Для того чтобы число врагов день ото дня не множилось все более, Изяслав II дал Святославу Всеволодовичу «Боужьскыи и Межибожье» и пять иных городов. При этом Владимир-Волынский, столицу края, великий князь у Святослава Всеволодовича отобрал.

Не успел Изяслав II уладить дела, как пришлось вспомнить о дяде Вячеславе Владимировиче, сидевшем в Турове. Бояре напомнили Вячеславу, что именно он старший среди Мономашевичей. Князь приободрился и занял все города, которые ранее у него отнял Всеволод II Ольгович. Занял Вячеслав и Владимир Волынский и посадил в нем сына своего покойного брата Андрея Ярополка.

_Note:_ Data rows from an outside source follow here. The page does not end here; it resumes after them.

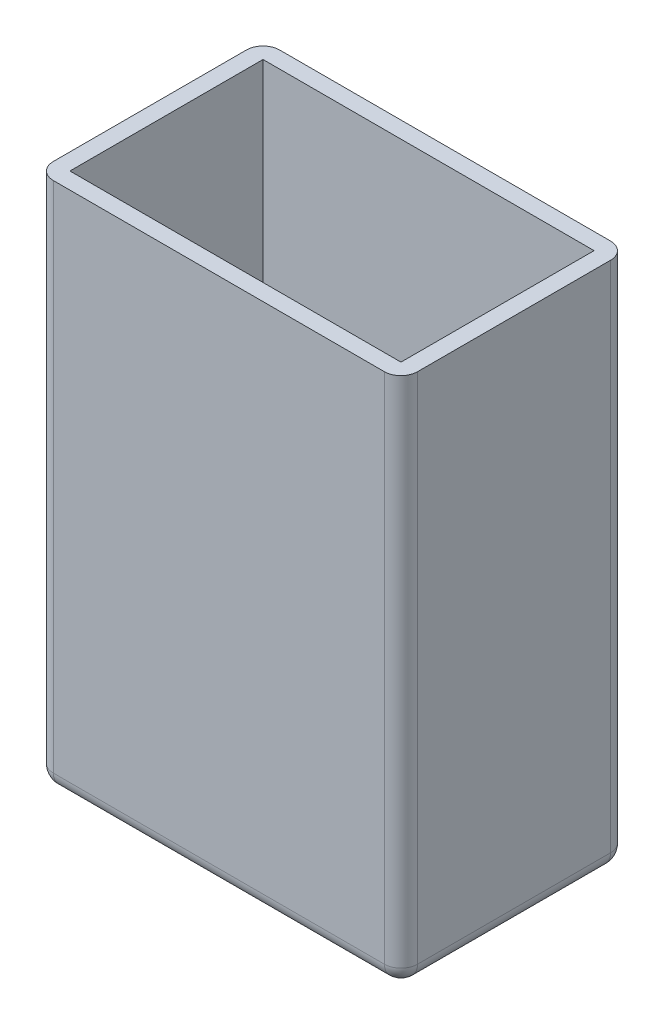
SolidWorks part; units mm, degrees
ref_plane "Ön Düzlem" through (0, 0, 0) normal (1, 0, 0) x (0, 1, 0)
ref_plane "Üst Düzlem" through (0, 0, 0) normal (0, 0, 1) x (0, 1, 0)
ref_plane "Sağ Düzlem" through (0, 0, 0) normal (0, 1, 0) x (-1, 0, 0)
sketch "Çizim1" plane through (0, 0, 0) normal (0, 0, 1) x (0, 1, 0)
  line L0 (0, 0) -> (90, 0)
  line L1 (0, 0) -> (0, -60)
  line L2 (0, -60) -> (90, -60)
  line L3 (90, -60) -> (90, 0)
extrude "Yükseklik-Ekstrüzyon1" add sketch "Çizim1" along normal blind 3
sketch "Çizim2" plane through (0, 0, 0) normal (0, 0, 1) x (0, 1, 0)
  line L0 (0, 0) -> (0, -60)
  line L1 (0, -60) -> (90, -60)
  line L3 (90, -60) -> (90, 0)
  line L5 (90, 0) -> (0, 0)
  line L8 (-3, 3) -> (93, 3)
  line L9 (93, 3) -> (93, -63)
  line L10 (93, -63) -> (-3, -63)
  line L11 (-3, -63) -> (-3, 3)
extrude "Yükseklik-Ekstrüzyon2" add sketch "Çizim2" along normal blind 38
sketch "Çizim3" plane through (0, 0, 38) normal (0, 0, 1) x (1, 0, 0)
  line L0 (0, 90) -> (0, 93)
  line L1 (63, 93) -> (-3, 93) construction
  line L2 (0, 90) -> (60, 90)
  line L3 (60, 90) -> (60, 93)
  line L4 (60, 93) -> (0, 93)
extrude "Kes-Ekstrüzyon1" cut sketch "Çizim3" against normal blind 35
sketch "Çizim4" plane through (0, 0, 38) normal (0, 0, 1) x (1, 0, 0)
  line L0 (-3, 93) -> (63, 93)
  line L1 (63, 93) -> (63, -3)
  line L2 (63, -3) -> (-3, -3)
  line L3 (-3, -3) -> (-3, 93)
extrude "Yükseklik-Ekstrüzyon3" add sketch "Çizim4" along normal blind 3
fillet "Radyus4" radius 3 1 edges at (-3, -3, 20.5)
fillet "Radyus5" radius 3 1 edges at (63, -3, 20.5)
fillet "Radyus6" radius 3 5 edges at (-3, 46.5, 41) (30, -3, 41) (-2.1213, -2.1213, 41) (63, 46.5, 41) (62.1213, -2.1213, 41)
fillet "Radyus7" radius 3 5 edges at (-3, 46.5, 0) (30, -3, 0) (-2.1213, -2.1213, 0) (63, 46.5, 0) (62.1213, -2.1213, 0)
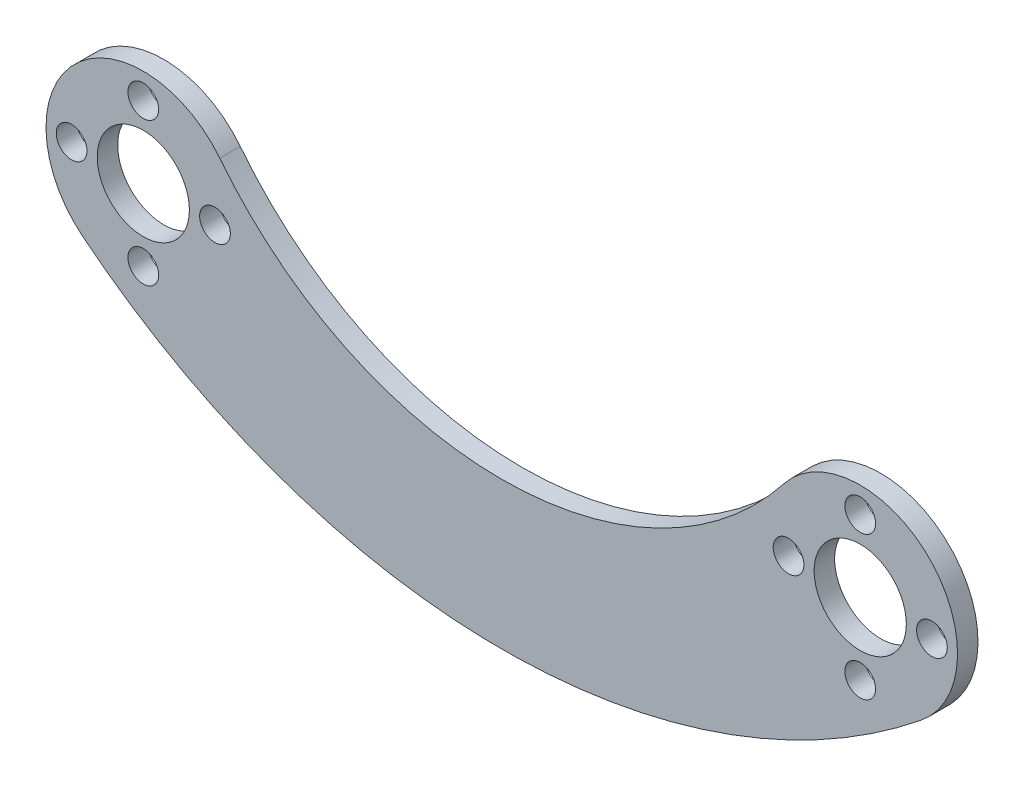
SolidWorks part; units mm, degrees
ref_plane "前视基准面" through (0, 0, 0) normal (0, 0, 1) x (1, 0, 0)
ref_plane "上视基准面" through (0, 0, 0) normal (0, 1, 0) x (1, 0, 0)
ref_plane "右视基准面" through (0, 0, 0) normal (1, 0, 0) x (0, 0, -1)
sketch "草图1" plane through (0, 0, 0) normal (0, 0, 1) x (1, 0, 0)
  line L0 (-54.1945, 0) -> (60.353, 0) construction
  line L1 (0, 45.5042) -> (0, -30.5871) construction
  arc A0 (-27.5281, 5.8669) -> (-40.9709, -7.3891) centre (-35, 0) ccw
  arc A1 (40.9709, -7.3891) -> (27.5281, 5.8669) centre (35, 0) ccw
  arc A2 (-27.5281, 5.8669) -> (27.5281, 5.8669) centre (0, 27.4818) ccw
  arc A3 (-40.9709, -7.3891) -> (40.9709, -7.3891) centre (0, 43.3129) ccw
  dimension "D1" = 19
  dimension "D2" = 19
  dimension "D5" = 35
  dimension "D6" = 65.1867
  dimension "D3" = 70
  dimension "D4" = 35
extrude "凸台-拉伸1" add sketch "草图1" along normal blind 2
sketch "草图2" plane through (0, 0, 2) normal (0, 0, 1) x (1, 0, 0)
  line L0 (-54.4006, 0) -> (57.4537, 0) construction
  line L1 (0, 23.3726) -> (0, -36.024) construction
  circle A1 centre (35, 0) radius 4.5
  circle A2 centre (-35, 0) radius 4.5
  circle A3 centre (-35, 0) radius 7 construction
  circle A4 centre (35, 0) radius 7 construction
  circle A5 centre (-28, 0) radius 1.5
  circle A6 centre (-35, -7) radius 1.5
  circle A7 centre (-42, 0) radius 1.5
  circle A8 centre (-35, 7) radius 1.5
  circle A9 centre (28, 0) radius 1.5
  circle A10 centre (35, 7) radius 1.5
  circle A11 centre (42, 0) radius 1.5
  circle A12 centre (35, -7) radius 1.5
  point P24 (-35, 0)
  point P33 (35, 0)
  dimension "D1" = 9
  dimension "D2" = 9
  dimension "D3" = 14
  dimension "D4" = 14
  dimension "D5" = 3
  dimension "D7" = 3
  dimension "D6" = 4
  dimension "D8" = 4
extrude "切除-拉伸1" cut sketch "草图2" against normal blind 2

Изяслав II не мог мириться с действиями дяди и снарядил в поход на Туров брата Ростислава Мстиславовича и Святослава Всеволодовича. Туров у дяди отняли и увели из города епископа Акима и посадника Жирослава Яванковича, а в городе оставили сына великого князя Ярослава Изяславовича.

Вячеславу Владимировичу велели сидеть в волынском городе Пересопнице или Дорогобуже.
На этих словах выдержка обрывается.